Peter responded to Ian by saying that as China liberalizes, “women will come to China – immigration will take place.” Are you serious? Let me point out once more that there are a mere 600,000 foreigners living in mainland China (out of a population of 1.34 billion). What are these pro-immigration policies that China will enact? [Update: the PRC has cracked down on visa for foreigners: 1 2 3] Despite its extremely low birth rate, the family planning commission is still not yielding to pressure to allow for more than one-child per Han family… because the commissioners think there is already a large strain on resources from the existing population.

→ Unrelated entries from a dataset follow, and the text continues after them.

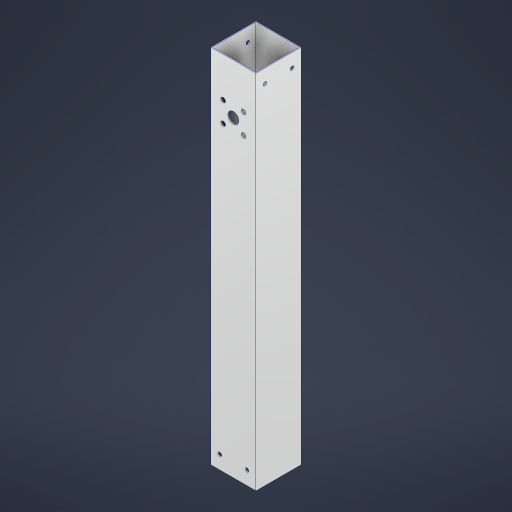
# Autodesk Inventor part: End-Link
Saved by Autodesk Inventor 2023 (Build 270158000, 158)
## iProperties
Created: 2023-08-12
Part Number: End-Link
Material: Aluminum 6061
Document SubType Name: Modeling
Designer: Abhinav
Density: 2.7 g/cm^3
Appearance: Aluminum - Flat
Author: Abhinav
Autodesk Inventor part; units mm, degrees
ref_plane "YZ Plane" through (0, 0, 0) normal (1, 0, 0) x (0, 1, 0)
ref_plane "XZ Plane" through (0, 0, 0) normal (0, 1, 0) x (-1, 0, 0)
ref_plane "XY Plane" through (0, 0, 0) normal (0, 0, 1) x (1, 0, 0)
sketch "Sketch1" plane through (0, 0, 0) normal (0, 1, 0) x (-1, 0, 0)
  line L0 (25, 25) -> (-25, 25)
  line L1 (-25, 25) -> (-25, -25)
  line L2 (-25, -25) -> (25, -25)
  line L3 (25, -25) -> (25, 25)
  line L4 (25, 25) -> (-25, -25) construction
  line L5 (-25, 25) -> (25, -25) construction
  line L6 (24, 24) -> (-24, 24)
  line L7 (-24, 24) -> (-24, -24)
  line L8 (-24, -24) -> (24, -24)
  line L9 (24, -24) -> (24, 24)
  line L10 (24, 24) -> (-24, -24) construction
  line L11 (-24, 24) -> (24, -24) construction
  point P0 (0, 0)
  dimension "d0" = 50
  dimension "d2" = 48
  constraints: 24 end point, 4 midpoint, 4 parallel, 4 perpendicular, 2 horizontal
  measures "d0" distance of L2.end L1.end
  measures "d2" distance of L8.end L7.end
extrude "Extrusion1" add sketch "Sketch1" along normal blind 400
sketch "Sketch3" plane through (25, 0, -25) normal (0, 0, -1) x (-1, 0, 0)
  line L0 (50, 0) -> (50, 400) projected
  line L1 (0, 0) -> (0, 400) projected
  line L2 (50, 0) -> (50, 400) projected
  line L3 (0, 400) -> (50, 400)
  line L4 (50, 400) -> (50, 370)
  line L5 (50, 370) -> (0, 370)
  line L6 (0, 370) -> (0, 400)
  line L7 (0, 400) -> (50, 370) construction
  line L8 (25, 385) -> (40, 385) construction
  line L9 (25, 385) -> (10, 385) construction
  line L10 (0, 30) -> (50, 30)
  line L11 (50, 30) -> (50, 0)
  line L12 (50, 0) -> (0, 0)
  line L13 (0, 0) -> (0, 30)
  line L14 (0, 30) -> (50, 0) construction
  circle A0 centre (40, 15) radius 2
  line L15 (25, 15) -> (40, 15) construction
  line L16 (25, 15) -> (10, 15) construction
  circle A1 centre (10, 15) radius 2
  line L17 (25, 385) -> (25, 345) construction
  circle A2 centre (25, 345) radius 6
  line L18 (25, 345) -> (36.3137, 333.6863) construction
  line L19 (0, 0) -> (16, 0) construction
  line L20 (25, 345) -> (13.6863, 356.3137) construction
  circle A3 centre (36.3137, 333.6863) radius 2.5
  circle A4 centre (13.6863, 356.3137) radius 2.5
  circle A5 centre (36.3137, 356.3137) radius 2.5
  circle A6 centre (13.6863, 333.6863) radius 2.5
  dimension "d28" = 30
  dimension "d30" = 15
  dimension "d31" = 15
  dimension "d33" = 30
  dimension "d34" = 4
  dimension "d35" = 15
  dimension "d36" = 15
  dimension "d37" = 4
  dimension "d38" = 40
  dimension "d61" = 12
  dimension "d64" = 16
  dimension "d65" = 5
  constraints: 36 end point, 7 centre point, 5 coincident, 5 horizontal, 4 parallel, 3 point on line, 2 equal length, 2 perpendicular, 1 equal radius, 1 vertical
  measures "d28" distance of L3.end L4.end
  measures "d30" distance of L8.start L8.end
  measures "d31" distance of L9.start L9.end
  measures "d33" distance of L10.end L11.end
  measures "d34" diameter of A0
  measures "d35" distance of L15.start L15.end
  measures "d36" distance of L16.start L16.end
  measures "d37" diameter of A1
  measures "d38" distance of L9.start L17.end
  measures "d61" diameter of A2
  measures "d64" distance of L18.start L20.end
  measures "d65" diameter of A3
extrude "Extrusion3" cut sketch "Sketch3" against normal blind 50 contours A0 | A1 | A2 | A3 | A4 | A5 | A6
sketch "Sketch5" plane through (25, 0, 25) normal (1, 0, 0) x (0, 0, -1)
  line L0 (0, 400) -> (50, 400)
  line L1 (50, 400) -> (50, 370)
  line L2 (50, 370) -> (0, 370)
  line L3 (0, 370) -> (0, 400)
  line L4 (0, 400) -> (50, 370) construction
  circle A0 centre (40, 385) radius 2
  line L5 (25, 385) -> (40, 385) construction
  line L6 (25, 385) -> (10, 385) construction
  circle A1 centre (10, 385) radius 2
  point P0 (25, 0)
  dimension "d40" = 30
  dimension "d41" = 4
  dimension "d42" = 15
  dimension "d43" = 15
  dimension "d44" = 4
  constraints: 14 end point, 2 centre point, 2 horizontal, 2 parallel, 1 coincident, 1 perpendicular, 1 point on line
  measures "d40" distance of L1.start L1.end
  measures "d41" diameter of A0
  measures "d42" distance of L5.start L5.end
  measures "d43" distance of L6.start L6.end
  measures "d44" diameter of A1
extrude "Extrusion5" cut sketch "Sketch5" against normal blind 50 contours A0 | A1
body "Solid1"

What makes Peter believe that they will change their mind in the future?
The next question from the audience was, “define capitalism.”
Peter responded with “capitalism is where the means of production is completely private, allocated by markets. Wages and interest rates are set by the market versus socialism where it is micromanaged by a central authority, directly by communism or indirectly by fascism.”
Minxin added that “capitalism cannot exist without the rule of law and China does not have rule of law.”
The next statement from the audience was, “China will have turn ideas into products instead of just assembling products. Given the current status of IP rights where it is very hard to create ideas and own them.”
Orville found a glittery brochure on the ground and made a profound statement “this is a big problem in China but China must move up the value chain.”
Ian said that he is “more skeptical, they do create a lot of enterprises but not entrepreneurs. “ In the US we have ” college drop outs, who question why things work a certain way. It doesn’t work well in authoritarianism” and that “you can’t take politics out of the IP debate.”
Too bad Peter didn’t step in to talk about IP being a centrally controlled government mandate and how it would be in China’s best interest to continue not having the kind of IP regime in the US that has led to the current litigious climate of non-stop patent wars that harm businesses and stymie innovation. That IP is simply idea socialism and ultimately leads to thought-police regimes.
The next question from the audience was “as growth slows down, does that cause the state to double down?”
Minxin replied, saying “the slowdown is coming no matter what and their are two paths the government will follow.” They can continue to “increase infrastructure” or they can go along “a very different trajectory, to really become capitlist, to increase consumption to allocate capital efficiency.” But in order to do that “they have to privatize SOEs.”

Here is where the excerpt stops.